「じゃあ、はい」
そう言って純恋ちゃんは私に卵焼きを差し出す。
「いいよ別に」
「あたしがあげたいの。ただでもらうのが嫌だったら、その弁当から一つ貰うわ」
「じゃあ、それで」
「分かった」
純恋ちゃんは、卵焼きを一個私の口に入れた
「美味しい」
ほんのりとした甘みが口の中で広がり、満足感がすごい。
「でしょー。あたしのお気に入りなの」
「え? そうなの?」
それはなんだか悪い気がする。
すると、純恋ちゃんが、
「大丈夫だよ。

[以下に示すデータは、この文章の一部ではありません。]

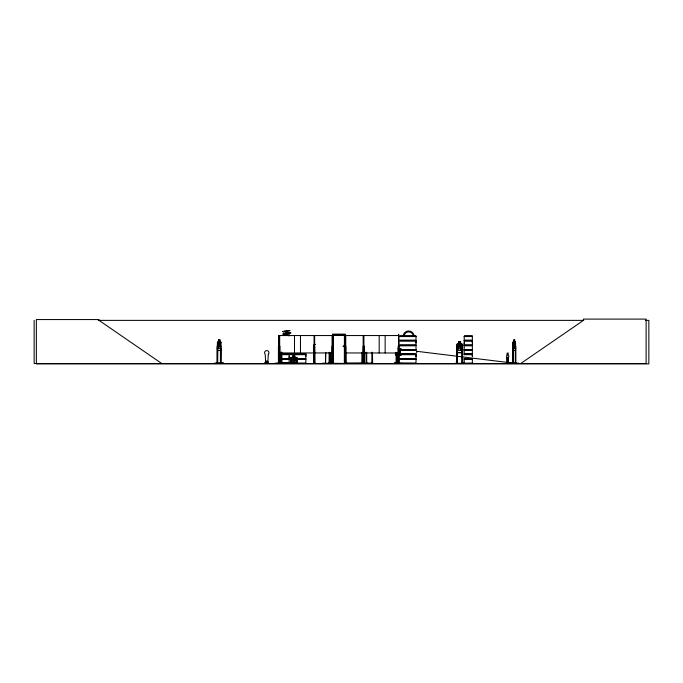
<?xml version="1.0" encoding="UTF-8"?>
<svg xmlns="http://www.w3.org/2000/svg" width="683" height="683" viewBox="0 0 683 683"><rect width="100%" height="100%" fill="white"/><g stroke="black" fill="none" stroke-linecap="round" stroke-linejoin="round"><path stroke-width="1.02" d="M289.148 356.697L289.148 358.695L289.14 354.69M305.839 356.671L305.839 354.673L297.703 354.673M416.007 356.671L416.007 354.673L398.394 354.665M416.007 342.977L416.007 340.979L400.076 340.979M464.209 344.983L464.209 340.979L472.354 340.979L472.346 344.983L464.209 344.983L464.218 342.977M472.346 354.673L472.346 356.671L472.354 354.673L464.209 354.673M472.346 342.977L472.346 340.979M275.275 363.518L297.284 363.365M275.283 363.202L297.267 363.245M281.814 363.518L281.746 352.266M322.41 363.202L344.334 363.441L344.428 335.088L333.381 335.088L333.415 363.441M400.076 359.471L416.015 359.471L416.015 363.33L394.228 363.177L401.749 363.441M398.735 346.298L398.155 346.127L398.087 363.527M398.787 346.161L398.735 346.657L398.735 346.042M399.546 346.674L399.64 346.153M285.024 362.801L285.016 363.527L279.356 363.313M279.945 363.407L279.945 362.682L282.993 362.758M279.304 363.382L284.854 363.441L284.939 362.869M287.552 362.682L287.552 363.407L293.263 363.527L287.714 363.313M292.623 363.527L292.631 362.801M292.708 362.869L292.785 363.441M507.332 353.068L507.256 354.998A1.451 1.084 -90 0 0 506.974 357.277L507.196 362.869L508.348 362.869L508.511 357.277A1.451 1.084 -90 0 0 508.28 354.998L508.126 352.915M508.348 362.869L508.511 357.277M507.213 353.239L507.256 354.998M507.358 361.999L507.119 362.041M507.119 362.289L507.725 362.016M266.524 361.614L267.036 361.486L266.524 361.35M289.088 363.493L289.148 359.497L290.335 359.497M515.255 350.524L515.597 348.381M510.005 363.476L518.696 363.527M510.013 363.202L518.713 363.202M515.93 363.476L515.426 363.518L515.938 363.177M220.592 350.524L221.027 348.381M314.624 363.441L314.667 335.549M345.718 363.441L345.76 335.549L398.744 335.549M214.462 363.476L223.614 363.202L214.445 363.484M214.471 363.202L223.614 363.202M507.349 362.212L507.785 362.118M278.954 363.202L278.988 346.127L278.425 346.127L278.433 363.527L278.365 362.895L280.056 362.989L280.056 363.527M266.583 361.35L266.703 361.683M288.764 332.484L290.949 332.809L283.018 334.03M512.933 348.39L512.865 342.644L513.155 341.884L515.306 341.884M512.959 342.678L513.215 341.884M279.842 363.288L284.939 363.347M455.416 363.202L463.868 363.484M278.877 363.484L278.766 335.549M279.159 363.441L279.253 335.549L332.075 335.549L332.16 363.484M294.843 363.441L294.868 362.895M361.845 363.441L361.939 352.411M282.967 334.064L290.395 335.464L288.9 335.712M217.493 363.527L217.775 341.884M296.174 362.869L296.892 361.495M290.54 361.495L291.197 362.921L296.226 362.921L296.96 361.495M507.443 362.084L507.204 362.092M506.726 363.416L506.419 362.579L507.332 362.579L507.332 363.185M507.708 363.424L508.05 362.579M457.251 344.061L456.585 344.821L456.568 363.527L456.509 362.895L457.269 362.895M284.939 334.337L283.146 334.047M267.787 363.527L267.318 363.501L268.214 363.014M268.223 363.518L268.129 362.11M268.641 363.51L268.206 363.245M282.591 363.467L282.378 362.81L282.378 363.467M284.896 334.26L286.681 334.61M396.26 353.06L396.268 353.811L397.899 352.88M290.54 357.901L291.214 357.354L296.96 357.841L296.96 361.563M290.608 357.918L291.214 357.414M460.581 341.987L458.669 341.987L458.694 344.13L457.661 344.847L457.661 348.842L458.669 350.558L460.555 350.558L461.563 348.842L461.563 344.847L460.555 344.13L460.649 341.918L458.609 341.918M520.736 363.527L583.436 320.378L583.436 319.106L646.127 319.106L646.127 363.527L34.15 363.527L34.15 320.378M398.633 351.557L400.195 350.644M506.513 363.527L518.713 363.476M400.443 351.258L399.103 352.01L400.443 352.769M279.919 362.682L282.916 362.818M292.751 357.405L291.675 357.858L291.675 360.402L292.751 361.495L294.749 361.495L295.816 360.402L295.816 357.858L294.749 357.405M363.749 363.484L363.928 335.549M464.209 349.636L464.209 345.786L472.354 345.786L472.354 349.636L464.141 349.687L472.363 349.807L464.209 349.79M464.209 363.33L464.209 359.471L472.354 359.471L472.354 363.33L464.192 363.493M313.523 345.009L315.529 344.3M286.672 334.619L289.899 335.464M283.915 333.816L290.471 332.775M288.516 335.712L289.652 335.174M285.921 332.237L282.608 331.511L289.857 330.692M284.726 331.306L283.052 331.571L283.556 331.921M287.517 330.939L289.934 330.64M288.849 332.467L285.801 332.245M98.25 320.378L583.76 320.378M645.648 320.378L648.85 320.378L648.85 363.894L36.353 363.894L36.353 319.559L99.052 319.559L99.052 320.378L161.743 363.527M333.449 335.165L344.36 335.165M398.095 335.191L398.744 335.191M400.067 336.309L416.024 336.301L416.007 340.177L400.076 340.177M400.084 336.557L416.007 336.557M464.218 336.557L472.346 336.557M400.025 340.458L416.075 340.458M464.15 340.458L472.405 340.458M400.025 340.706L416.075 340.706M464.15 340.706L472.405 340.706M217.715 341.884L220.635 341.884L221.07 342.635L220.959 363.527M217.382 342.644L217.365 363.527M221.07 342.635L220.575 341.884M512.865 342.644L512.916 363.527L513.42 362.895M515.247 341.884L515.563 348.39M457.226 344.061L458.626 344.061M460.624 344.061L461.947 344.061M457.26 344.13L461.921 344.13L462.596 344.847L462.622 363.527M462.639 344.813L461.93 344.061M400.076 344.983L416.015 344.983L416.015 340.979M400.025 345.256L416.075 345.256M464.15 345.256L472.405 345.256M400.025 345.504L416.075 345.504M464.15 345.504L472.405 345.504M400.076 345.786L416.015 345.786L416.015 349.636L400.059 349.807L416.015 349.79L398.189 349.935M220.447 346.127L220.968 346.127M279.253 346.127L279.842 346.127L279.91 363.527M314.069 346.127L313.48 346.127L313.548 363.527M314.667 346.127L314.931 363.527M332.075 346.127L331.81 363.527L331.742 362.895M345.76 346.127L346.093 363.527M363.168 346.127L362.844 363.527M363.928 346.127L364.517 346.127L364.585 363.527M456.568 346.127L457.2 346.127L457.192 363.527M461.956 363.493L462.041 346.127L462.673 346.127M512.916 346.127L513.368 346.127M217.382 348.39L217.706 350.524L220.652 350.524M398.087 348.791L400.955 348.791M398.104 348.859L400.955 348.859M398.394 349.457L400.34 349.457M400.067 349.995L416.024 349.995M400.084 350.251L416.007 350.251M464.218 350.251L472.346 350.251M217.732 350.447L220.618 350.447M515.298 350.447L513.164 350.447L512.959 348.381M513.146 350.524L515.324 350.524M398.189 351.002L400.195 351.002L400.195 353L345.76 352.957M457.26 352.624L461.921 352.624L462.664 350.567L461.939 352.693L457.209 352.693L456.585 350.567L457.234 352.693M279.253 352.957L332.075 352.957M282.967 353.862L297.276 353.888M297.703 353.862L305.847 353.862M400.076 353.862L416.015 353.862M400.195 354.076L396.191 354.076L395.483 353L395.406 354.46L396.166 355.211L400.955 355.211M282.916 354.144L297.336 354.17M297.651 354.144L305.907 354.144M400.025 354.144L416.075 354.144M464.15 354.144L472.405 354.144M282.916 354.392L297.336 354.417M297.651 354.392L305.907 354.392M400.025 354.392L416.075 354.392M464.15 354.392L472.405 354.392M282.967 354.673L297.276 354.69M400.955 355.143L396.191 355.143L395.483 354.426M292.751 356.091L294.749 356.091M506.974 357.277L507.256 362.869M290.54 358.498L296.96 358.498M282.967 358.669L290.335 358.695M296.729 358.695L297.276 358.695M297.703 358.669L305.847 358.669L305.847 354.673M400.076 358.669L416.015 358.669L416.015 354.673M464.209 358.669L472.354 358.669M282.916 358.951L290.292 358.968M296.781 358.968L297.336 358.968M297.651 358.951L305.907 358.951M400.025 358.951L416.075 358.951M464.15 358.951L472.405 358.951M282.916 359.198L290.292 359.215M290.54 359.13L296.96 359.121M297.651 359.198L305.907 359.198M400.025 359.198L416.075 359.198M464.15 359.198L472.405 359.198M296.781 359.215L297.336 359.215M282.967 359.471L289.08 359.471M297.703 359.471L305.847 359.471L305.847 363.33L297.703 363.33M296.729 359.497L297.276 359.497M507.657 362.033L506.982 361.913L506.982 363.185M265.926 362.835L267.377 362.835M290.608 361.495L291.248 362.869L296.226 362.921M220.387 362.895L221.027 362.895M268.299 363.014C267.83 362.161 263.51 363.885 265.141 363.245L265.141 362.11L265.388 363.014M281.806 362.895L281.097 362.895L281.114 363.527M314.632 362.895L315 363.527M329.086 362.895L329.812 362.895M329.966 362.895L333.389 362.989M362.596 362.895L345.692 362.989L345.692 363.527M363.86 362.895L364.585 362.895M366.745 362.895L366.02 362.895L366.02 363.527M371.825 362.895L372.551 362.895M396.089 362.895L396.814 362.895L396.857 363.476M461.981 362.895L462.741 362.895L462.741 363.527M515.853 362.895L515.298 362.895L515.324 363.527L515.349 346.127L515.802 346.127L515.802 363.527M363.211 363.177L363.168 335.549M366.745 363.074L371.825 363.074M268.402 363.245L264.902 363.518M297.711 363.228L305.839 363.228M394.228 363.194L416.007 363.228M464.218 363.228L472.346 363.228M416.715 351.293L515.059 363.339M398.889 363.476L398.667 334.235L398.949 363.527L398.812 362.895L397.318 362.895L397.344 363.527M372.636 363.484L372.483 352.266M330.171 363.484L330.094 362.989M314.248 363.484L313.412 362.895L313.412 363.527M284.461 331.238L287.449 330.879M343.728 346.119C342.012 346.033 344.488 347.442 343.549 346.042M398.65 352.437L400.195 353.359M296.174 357.405L296.96 357.892M514.632 341.952L515.084 346.665L514.632 348.381L513.795 348.381L513.343 346.665L513.77 339.741L514.726 339.741L514.7 341.952M458.293 344.061L462.118 352.163M217.365 348.381L217.766 350.524M512.899 348.381L513.206 350.524M275.283 363.441L289.763 363.074L289.763 363.527M515.622 362.895L515.648 363.527M515.563 342.635L515.528 363.527M513.368 350.217L513.394 363.527M513.215 362.895L513.215 363.527L513.121 346.127M508.844 363.339L508.844 362.579L507.921 362.579L507.921 363.185M508.715 362.579L508.715 363.185L506.538 363.185L506.538 362.579M507.546 361.913L507.546 363.185M507.478 361.913L507.478 363.185M507.213 362.579L507.213 363.339M462.511 362.895L462.528 363.527M462.118 346.127L462.203 363.527M458.626 341.918L458.669 344.13M457.123 346.127L457.123 363.527M456.722 362.895L456.731 363.527M416.715 351.258L416.715 352.898M412.156 363.51L405.634 363.51M398.599 335.549L398.607 363.527M398.377 362.895L398.377 363.527M398.309 362.895L398.223 363.527M398.01 362.895L398.001 363.527L397.933 352.411M397.711 352.411L397.702 363.527M397.6 352.411L397.608 363.527M397.378 352.411L397.386 363.527M396.746 352.411L396.797 363.527M396.157 352.411L396.089 363.527M385.152 335.549L385.152 352.957M379.176 335.549L379.176 352.957M372.414 362.895L372.414 363.527M371.962 362.895L371.962 363.527M371.894 352.266L371.825 363.527M366.677 352.266L366.745 363.527M366.609 362.895L366.609 363.527M366.088 352.266L366.156 363.527M364.449 362.895L364.449 363.527M363.996 362.895L363.996 363.527M362.528 352.411L362.511 363.527M362.46 362.895L362.46 363.527M362.007 362.895L362.007 363.527M361.298 362.989L361.298 363.527M346.955 362.989L346.955 363.527M345.291 363.527L345.291 334.235L332.527 334.235L332.527 363.527M345.12 363.527L345.12 334.397L332.689 334.397L332.689 363.527M332.04 362.895L332.04 363.527M331.306 362.989L331.306 363.527M330.265 352.411L330.256 363.527M330.034 352.411L330.034 363.527M329.812 362.895L329.795 363.527L329.744 352.411M329.223 362.895L329.223 363.527M329.155 352.411L329.086 363.527M325.791 352.411L325.492 363.527M325.569 352.411L325.56 363.527M314.701 362.895L314.701 363.527M314.069 335.549L314.112 363.527M312.968 363.527L310.287 363.527M308.733 363.527L306.018 363.527M300.477 335.549L300.477 352.957M297.088 363.527L297.088 362.468L290.42 362.468L290.488 363.527M296.892 357.858L296.892 361.555M296.567 363.527L296.567 357.329L296.157 363.527M295.594 363.527L295.526 362.895L295.457 363.527M294.936 362.895L294.928 363.527M294.817 357.414L294.817 355.988L292.674 356.048L292.751 357.457M294.749 356.039L294.749 357.457M294.493 335.549L294.493 352.957M291.342 363.518L290.941 357.311L290.941 363.527M290.54 357.841L290.54 361.563M290.258 362.878L290.352 363.527M286.006 362.895L286.032 363.527M285.929 362.895L285.878 363.527M285.673 362.895L285.81 363.527M285.596 362.895L285.545 363.527M285.451 362.895L285.392 363.527M284.691 363.074L284.691 363.527M284.623 362.895L284.555 363.527M284.034 362.895L283.966 363.527M281.592 352.266L281.644 363.527M281.524 362.895L281.413 363.527L281.311 352.266M281.157 352.266L281.191 363.527M279.774 362.895L279.731 363.527L279.654 335.549M279.432 346.127L279.432 363.527L279.39 362.895M278.655 335.549L278.664 363.527M268.146 362.11L268.129 363.014M267.266 363.014L267.266 361.111L266.268 361.111L266.276 363.014M220.822 362.895L220.822 363.527M220.788 348.168L220.686 363.527M220.635 346.127L220.592 363.527M220.447 348.168L220.404 363.527M219.781 339.741L219.738 341.952M218.654 339.81L218.039 346.665L218.654 348.381L219.798 348.381L220.413 346.665L219.841 339.741L218.551 339.741L218.594 341.952M217.681 363.527L217.655 362.895L217.066 362.895L217.083 363.527M217.638 363.527L217.638 346.127L217.117 346.127L217.126 363.527M403.132 336.463A5.481 5.481 0 0 1 408.613 330.982A5.481 5.481 0 0 1 414.103 336.463M404.123 336.463A4.576 4.576 0 0 1 408.707 331.887A4.576 4.576 0 0 1 413.283 336.463M399.094 346.136L399.094 346.759L399.103 346.136M268.299 354.306L267.847 362.69L265.67 362.69L265.217 354.306A2.177 2.177 0 0 1 265.217 351.224A2.177 2.177 0 0 1 268.299 351.224A2.177 2.177 0 0 1 268.299 354.306M416.015 336.147L400.076 336.147L416.024 336.164M472.354 336.147L464.209 336.147L472.363 336.164M472.363 336.318L464.201 336.309L464.218 340.177L472.354 340.177L472.354 336.318M219.593 340.168L218.859 340.168L218.859 340.885L219.593 340.885L219.593 340.168M514.487 340.168L513.949 340.168L513.949 340.885L514.487 340.885L514.487 340.168M460.222 342.345L459.01 342.345L459.01 343.062L460.222 343.062L460.222 342.345M219.798 342.67L218.654 342.67L218.654 346.665L219.798 346.665L219.798 342.67M514.632 342.67L513.795 342.67L513.795 346.665L514.632 346.665L514.632 342.67M460.555 344.847L458.669 344.847L458.669 348.842L460.555 348.842L460.555 344.847M472.363 350.003L464.201 349.995L464.218 353.862L472.354 353.862L472.354 350.012M294.39 356.261L293.109 356.261L293.109 356.722L294.39 356.722L294.39 356.261M294.749 357.858L292.751 357.858L292.751 360.402L294.749 360.402L294.749 357.858M463.825 363.202L461.623 363.527L463.783 363.168M289.985 363.467L289.951 362.878L289.899 363.527"/></g></svg>

あたしいつでも食べられるから、今日は水奈ちゃんが食べてよ」
「うん」
私が首肯した瞬間、今度はウィンナーが口に突っ込まれる。
「もう」
「いいじゃない」
そう言って笑顔で笑う彼女を見ていると、
昨日感じた違和感は気のせいだったんだなと思える。
結局、私のお弁当は食べてくれなくて、一方的に貰う形になったけど。
周りからの視線の痛さを踏まえても、今は結構幸せなのかもしれない。
純恋ちゃんが私にいいようにしてくれているのだから。